**AIM OF THE TASK**: For each line below that holds the string "Align", add one to a tally; report that tally alone.

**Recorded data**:
—————

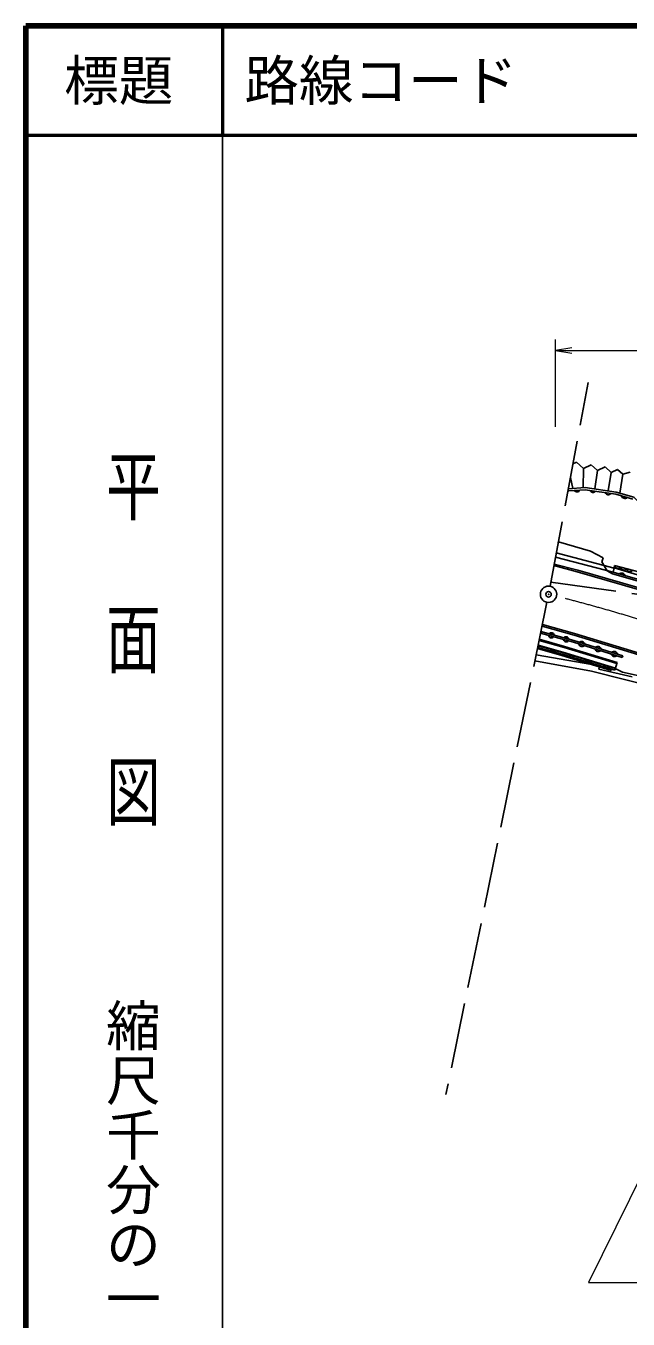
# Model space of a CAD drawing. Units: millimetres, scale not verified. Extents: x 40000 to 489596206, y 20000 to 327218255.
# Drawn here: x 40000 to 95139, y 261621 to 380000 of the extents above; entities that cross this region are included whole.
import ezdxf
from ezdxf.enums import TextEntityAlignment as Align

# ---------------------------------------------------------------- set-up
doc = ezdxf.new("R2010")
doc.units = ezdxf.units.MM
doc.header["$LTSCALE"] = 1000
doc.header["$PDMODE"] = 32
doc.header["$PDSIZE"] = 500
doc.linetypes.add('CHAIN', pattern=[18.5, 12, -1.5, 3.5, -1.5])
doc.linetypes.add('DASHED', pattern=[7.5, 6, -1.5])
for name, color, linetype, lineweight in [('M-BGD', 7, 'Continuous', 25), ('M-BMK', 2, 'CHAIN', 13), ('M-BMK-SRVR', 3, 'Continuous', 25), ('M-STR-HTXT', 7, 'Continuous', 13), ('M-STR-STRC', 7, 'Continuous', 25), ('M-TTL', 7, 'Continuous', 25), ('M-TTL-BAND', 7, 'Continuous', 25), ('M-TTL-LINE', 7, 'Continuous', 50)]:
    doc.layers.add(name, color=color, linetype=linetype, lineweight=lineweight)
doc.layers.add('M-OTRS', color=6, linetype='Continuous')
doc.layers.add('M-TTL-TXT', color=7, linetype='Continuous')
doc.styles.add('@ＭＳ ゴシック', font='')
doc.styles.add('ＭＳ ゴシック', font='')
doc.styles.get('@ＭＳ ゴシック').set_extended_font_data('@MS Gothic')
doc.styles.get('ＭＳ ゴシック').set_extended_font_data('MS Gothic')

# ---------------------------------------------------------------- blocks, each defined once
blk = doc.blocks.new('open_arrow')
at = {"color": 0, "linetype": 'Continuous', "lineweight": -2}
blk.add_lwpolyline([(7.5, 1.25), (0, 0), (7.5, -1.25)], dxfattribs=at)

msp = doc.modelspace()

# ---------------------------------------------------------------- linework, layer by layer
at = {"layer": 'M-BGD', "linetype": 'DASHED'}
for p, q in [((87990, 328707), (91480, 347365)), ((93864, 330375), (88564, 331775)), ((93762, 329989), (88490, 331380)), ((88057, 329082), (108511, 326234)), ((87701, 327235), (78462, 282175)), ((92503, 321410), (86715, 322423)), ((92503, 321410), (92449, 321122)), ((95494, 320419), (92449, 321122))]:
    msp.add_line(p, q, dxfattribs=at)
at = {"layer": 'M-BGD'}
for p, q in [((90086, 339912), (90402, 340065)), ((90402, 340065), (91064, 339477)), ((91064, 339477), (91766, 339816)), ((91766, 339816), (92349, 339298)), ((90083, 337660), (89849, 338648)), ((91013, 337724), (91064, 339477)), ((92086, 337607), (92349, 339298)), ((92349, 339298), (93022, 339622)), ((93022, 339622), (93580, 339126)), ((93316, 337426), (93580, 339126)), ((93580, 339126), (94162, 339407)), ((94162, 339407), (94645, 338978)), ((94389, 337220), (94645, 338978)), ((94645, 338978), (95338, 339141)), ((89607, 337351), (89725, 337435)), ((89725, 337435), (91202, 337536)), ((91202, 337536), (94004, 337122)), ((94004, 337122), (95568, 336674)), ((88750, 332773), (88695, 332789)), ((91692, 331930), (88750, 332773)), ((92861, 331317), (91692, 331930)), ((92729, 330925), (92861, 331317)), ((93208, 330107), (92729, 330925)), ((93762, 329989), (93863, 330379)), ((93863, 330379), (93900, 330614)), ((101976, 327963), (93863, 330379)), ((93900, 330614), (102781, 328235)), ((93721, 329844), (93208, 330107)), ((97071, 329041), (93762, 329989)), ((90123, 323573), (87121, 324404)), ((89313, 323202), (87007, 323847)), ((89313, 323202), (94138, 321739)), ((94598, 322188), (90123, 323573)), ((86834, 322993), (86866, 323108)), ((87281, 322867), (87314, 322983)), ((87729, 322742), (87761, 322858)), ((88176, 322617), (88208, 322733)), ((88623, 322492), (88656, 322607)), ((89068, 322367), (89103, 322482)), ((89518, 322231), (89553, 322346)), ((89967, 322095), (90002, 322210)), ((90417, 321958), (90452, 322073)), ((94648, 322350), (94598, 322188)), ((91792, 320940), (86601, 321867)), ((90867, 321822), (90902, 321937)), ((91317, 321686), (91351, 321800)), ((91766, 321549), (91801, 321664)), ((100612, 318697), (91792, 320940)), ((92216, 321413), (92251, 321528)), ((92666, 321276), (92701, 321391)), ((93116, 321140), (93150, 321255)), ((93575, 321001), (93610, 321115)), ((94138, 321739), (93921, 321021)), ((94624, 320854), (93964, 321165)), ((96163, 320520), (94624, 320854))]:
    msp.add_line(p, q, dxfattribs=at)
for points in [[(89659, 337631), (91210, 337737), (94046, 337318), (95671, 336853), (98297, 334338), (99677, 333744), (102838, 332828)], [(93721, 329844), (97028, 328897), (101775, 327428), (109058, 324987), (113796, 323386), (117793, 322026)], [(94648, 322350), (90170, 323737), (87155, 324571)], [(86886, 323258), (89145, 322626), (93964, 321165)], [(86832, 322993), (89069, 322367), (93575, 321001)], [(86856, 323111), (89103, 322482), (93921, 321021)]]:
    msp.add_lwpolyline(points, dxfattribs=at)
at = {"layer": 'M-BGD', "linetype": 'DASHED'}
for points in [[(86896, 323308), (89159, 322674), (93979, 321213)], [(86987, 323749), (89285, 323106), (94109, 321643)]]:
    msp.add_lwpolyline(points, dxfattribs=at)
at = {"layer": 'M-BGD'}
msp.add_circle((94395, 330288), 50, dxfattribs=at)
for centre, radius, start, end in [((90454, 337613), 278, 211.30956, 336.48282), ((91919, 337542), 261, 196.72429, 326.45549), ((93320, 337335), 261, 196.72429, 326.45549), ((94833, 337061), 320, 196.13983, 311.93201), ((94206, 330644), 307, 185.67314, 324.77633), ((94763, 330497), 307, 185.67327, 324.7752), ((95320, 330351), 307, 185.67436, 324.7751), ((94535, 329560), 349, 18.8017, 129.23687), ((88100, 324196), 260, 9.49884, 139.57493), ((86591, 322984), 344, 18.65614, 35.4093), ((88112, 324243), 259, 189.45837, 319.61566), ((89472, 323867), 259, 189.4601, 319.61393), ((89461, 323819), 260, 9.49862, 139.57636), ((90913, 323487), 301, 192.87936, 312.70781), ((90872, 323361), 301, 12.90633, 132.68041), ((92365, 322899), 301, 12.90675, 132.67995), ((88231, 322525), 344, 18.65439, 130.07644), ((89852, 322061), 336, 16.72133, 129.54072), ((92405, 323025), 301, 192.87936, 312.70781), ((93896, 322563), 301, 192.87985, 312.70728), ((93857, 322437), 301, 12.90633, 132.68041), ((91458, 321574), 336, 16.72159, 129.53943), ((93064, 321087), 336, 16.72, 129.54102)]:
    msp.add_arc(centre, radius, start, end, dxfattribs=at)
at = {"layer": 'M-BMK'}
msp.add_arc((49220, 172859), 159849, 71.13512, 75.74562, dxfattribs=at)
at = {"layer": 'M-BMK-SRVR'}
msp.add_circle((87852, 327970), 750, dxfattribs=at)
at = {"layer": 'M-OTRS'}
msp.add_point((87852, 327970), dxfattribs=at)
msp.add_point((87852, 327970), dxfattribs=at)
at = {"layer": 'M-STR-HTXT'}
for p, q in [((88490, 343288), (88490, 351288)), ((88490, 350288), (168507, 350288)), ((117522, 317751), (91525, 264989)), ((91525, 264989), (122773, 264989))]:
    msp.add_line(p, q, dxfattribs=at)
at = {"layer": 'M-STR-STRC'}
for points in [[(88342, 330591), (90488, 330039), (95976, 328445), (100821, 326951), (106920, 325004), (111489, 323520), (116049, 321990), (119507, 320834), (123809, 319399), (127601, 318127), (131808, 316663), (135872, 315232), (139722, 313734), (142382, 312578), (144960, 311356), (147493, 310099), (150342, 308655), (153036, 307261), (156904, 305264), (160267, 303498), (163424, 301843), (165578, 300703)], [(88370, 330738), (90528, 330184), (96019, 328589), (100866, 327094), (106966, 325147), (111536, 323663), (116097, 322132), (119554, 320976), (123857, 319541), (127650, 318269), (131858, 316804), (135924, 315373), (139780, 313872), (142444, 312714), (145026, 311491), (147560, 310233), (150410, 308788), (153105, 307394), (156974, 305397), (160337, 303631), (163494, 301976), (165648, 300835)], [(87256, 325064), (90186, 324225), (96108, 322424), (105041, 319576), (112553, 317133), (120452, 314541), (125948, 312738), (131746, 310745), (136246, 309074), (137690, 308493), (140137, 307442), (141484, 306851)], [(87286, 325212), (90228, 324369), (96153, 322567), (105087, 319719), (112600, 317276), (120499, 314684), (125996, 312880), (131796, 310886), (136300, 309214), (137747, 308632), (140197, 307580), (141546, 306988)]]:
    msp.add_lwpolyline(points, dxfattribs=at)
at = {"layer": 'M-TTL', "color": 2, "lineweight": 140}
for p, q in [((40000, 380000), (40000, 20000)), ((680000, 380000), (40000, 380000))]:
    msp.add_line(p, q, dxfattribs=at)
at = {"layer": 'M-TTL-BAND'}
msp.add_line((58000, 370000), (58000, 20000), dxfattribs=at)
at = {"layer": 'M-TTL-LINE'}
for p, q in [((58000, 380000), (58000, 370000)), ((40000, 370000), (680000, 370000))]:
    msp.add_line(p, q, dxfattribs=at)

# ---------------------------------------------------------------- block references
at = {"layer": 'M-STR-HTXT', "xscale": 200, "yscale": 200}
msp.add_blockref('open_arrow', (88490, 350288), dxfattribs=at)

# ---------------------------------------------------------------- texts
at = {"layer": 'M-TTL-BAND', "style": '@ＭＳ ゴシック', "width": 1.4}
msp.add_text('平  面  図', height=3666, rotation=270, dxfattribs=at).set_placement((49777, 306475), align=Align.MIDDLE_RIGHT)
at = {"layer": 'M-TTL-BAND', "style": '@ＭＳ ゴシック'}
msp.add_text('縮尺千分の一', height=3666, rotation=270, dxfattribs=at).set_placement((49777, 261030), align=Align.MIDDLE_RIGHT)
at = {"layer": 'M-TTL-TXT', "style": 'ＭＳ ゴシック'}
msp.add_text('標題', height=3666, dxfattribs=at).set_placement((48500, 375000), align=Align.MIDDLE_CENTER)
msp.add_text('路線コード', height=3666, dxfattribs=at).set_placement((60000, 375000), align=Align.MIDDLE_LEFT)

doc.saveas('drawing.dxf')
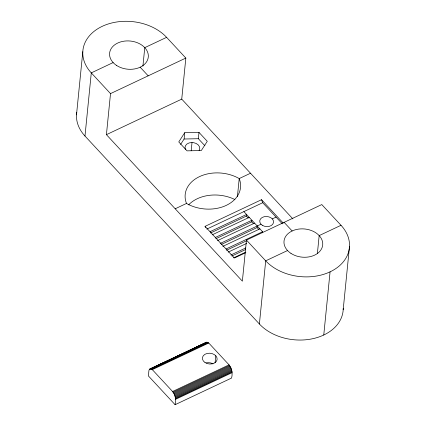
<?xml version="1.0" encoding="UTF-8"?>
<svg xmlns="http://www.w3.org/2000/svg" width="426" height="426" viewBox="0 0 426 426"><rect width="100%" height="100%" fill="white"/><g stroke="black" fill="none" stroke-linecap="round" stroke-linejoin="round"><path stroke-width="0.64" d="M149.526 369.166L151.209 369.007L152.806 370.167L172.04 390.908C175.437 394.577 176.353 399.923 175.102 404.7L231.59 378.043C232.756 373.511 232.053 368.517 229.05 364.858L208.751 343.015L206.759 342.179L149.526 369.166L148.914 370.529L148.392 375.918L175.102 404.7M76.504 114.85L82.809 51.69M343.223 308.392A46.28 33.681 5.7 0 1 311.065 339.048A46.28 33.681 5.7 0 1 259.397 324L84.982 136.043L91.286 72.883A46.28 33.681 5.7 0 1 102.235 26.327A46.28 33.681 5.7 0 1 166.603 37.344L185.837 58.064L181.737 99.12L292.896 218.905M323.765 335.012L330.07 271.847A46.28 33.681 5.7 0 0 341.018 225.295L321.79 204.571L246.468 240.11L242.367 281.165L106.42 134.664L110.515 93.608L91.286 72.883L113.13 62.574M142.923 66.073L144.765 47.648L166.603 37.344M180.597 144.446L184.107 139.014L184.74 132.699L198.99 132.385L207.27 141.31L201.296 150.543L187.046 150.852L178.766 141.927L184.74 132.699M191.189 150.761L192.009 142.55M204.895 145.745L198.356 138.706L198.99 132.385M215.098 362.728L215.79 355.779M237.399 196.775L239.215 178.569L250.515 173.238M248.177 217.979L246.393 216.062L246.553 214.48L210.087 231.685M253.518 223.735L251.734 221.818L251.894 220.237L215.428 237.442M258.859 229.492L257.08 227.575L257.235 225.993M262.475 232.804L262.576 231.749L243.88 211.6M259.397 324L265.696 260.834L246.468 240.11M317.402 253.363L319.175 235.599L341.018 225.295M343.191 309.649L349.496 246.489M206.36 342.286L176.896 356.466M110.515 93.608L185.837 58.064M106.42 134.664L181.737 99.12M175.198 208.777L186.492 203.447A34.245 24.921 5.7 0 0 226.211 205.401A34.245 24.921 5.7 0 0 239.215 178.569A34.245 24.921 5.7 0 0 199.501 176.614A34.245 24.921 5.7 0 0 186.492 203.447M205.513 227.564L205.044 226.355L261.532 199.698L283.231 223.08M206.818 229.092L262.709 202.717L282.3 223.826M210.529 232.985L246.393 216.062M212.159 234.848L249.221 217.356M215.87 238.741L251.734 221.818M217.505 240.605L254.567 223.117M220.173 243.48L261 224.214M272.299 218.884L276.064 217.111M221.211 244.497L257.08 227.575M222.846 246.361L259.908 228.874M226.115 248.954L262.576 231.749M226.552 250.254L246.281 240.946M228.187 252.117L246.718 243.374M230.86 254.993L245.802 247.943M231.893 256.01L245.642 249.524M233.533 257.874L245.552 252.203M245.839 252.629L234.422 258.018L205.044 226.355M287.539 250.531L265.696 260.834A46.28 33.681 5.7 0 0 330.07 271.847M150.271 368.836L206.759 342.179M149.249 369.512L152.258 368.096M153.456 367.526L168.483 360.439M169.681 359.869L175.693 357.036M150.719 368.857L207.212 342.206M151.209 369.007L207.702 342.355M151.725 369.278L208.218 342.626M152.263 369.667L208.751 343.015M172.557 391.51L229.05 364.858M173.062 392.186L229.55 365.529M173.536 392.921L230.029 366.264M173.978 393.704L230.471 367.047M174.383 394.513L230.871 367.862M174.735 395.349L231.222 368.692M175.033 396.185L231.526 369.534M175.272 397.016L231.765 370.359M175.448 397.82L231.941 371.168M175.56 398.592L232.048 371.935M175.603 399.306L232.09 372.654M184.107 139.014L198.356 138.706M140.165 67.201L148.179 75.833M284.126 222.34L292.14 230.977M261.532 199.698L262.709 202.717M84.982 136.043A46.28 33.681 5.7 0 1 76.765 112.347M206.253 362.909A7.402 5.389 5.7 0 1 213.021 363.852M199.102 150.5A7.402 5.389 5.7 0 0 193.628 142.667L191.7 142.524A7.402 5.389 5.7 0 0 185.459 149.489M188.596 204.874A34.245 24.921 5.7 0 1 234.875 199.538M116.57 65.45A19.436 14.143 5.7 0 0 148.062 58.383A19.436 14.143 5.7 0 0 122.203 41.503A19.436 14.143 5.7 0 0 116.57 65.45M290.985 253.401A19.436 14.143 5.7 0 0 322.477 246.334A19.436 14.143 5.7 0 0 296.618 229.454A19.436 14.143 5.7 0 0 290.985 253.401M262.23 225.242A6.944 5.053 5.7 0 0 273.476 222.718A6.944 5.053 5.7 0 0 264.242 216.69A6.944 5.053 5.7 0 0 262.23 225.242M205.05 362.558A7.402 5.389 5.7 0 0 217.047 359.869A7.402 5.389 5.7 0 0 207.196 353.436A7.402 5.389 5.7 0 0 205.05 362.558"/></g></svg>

—————

**TASK OUTPUT**: 5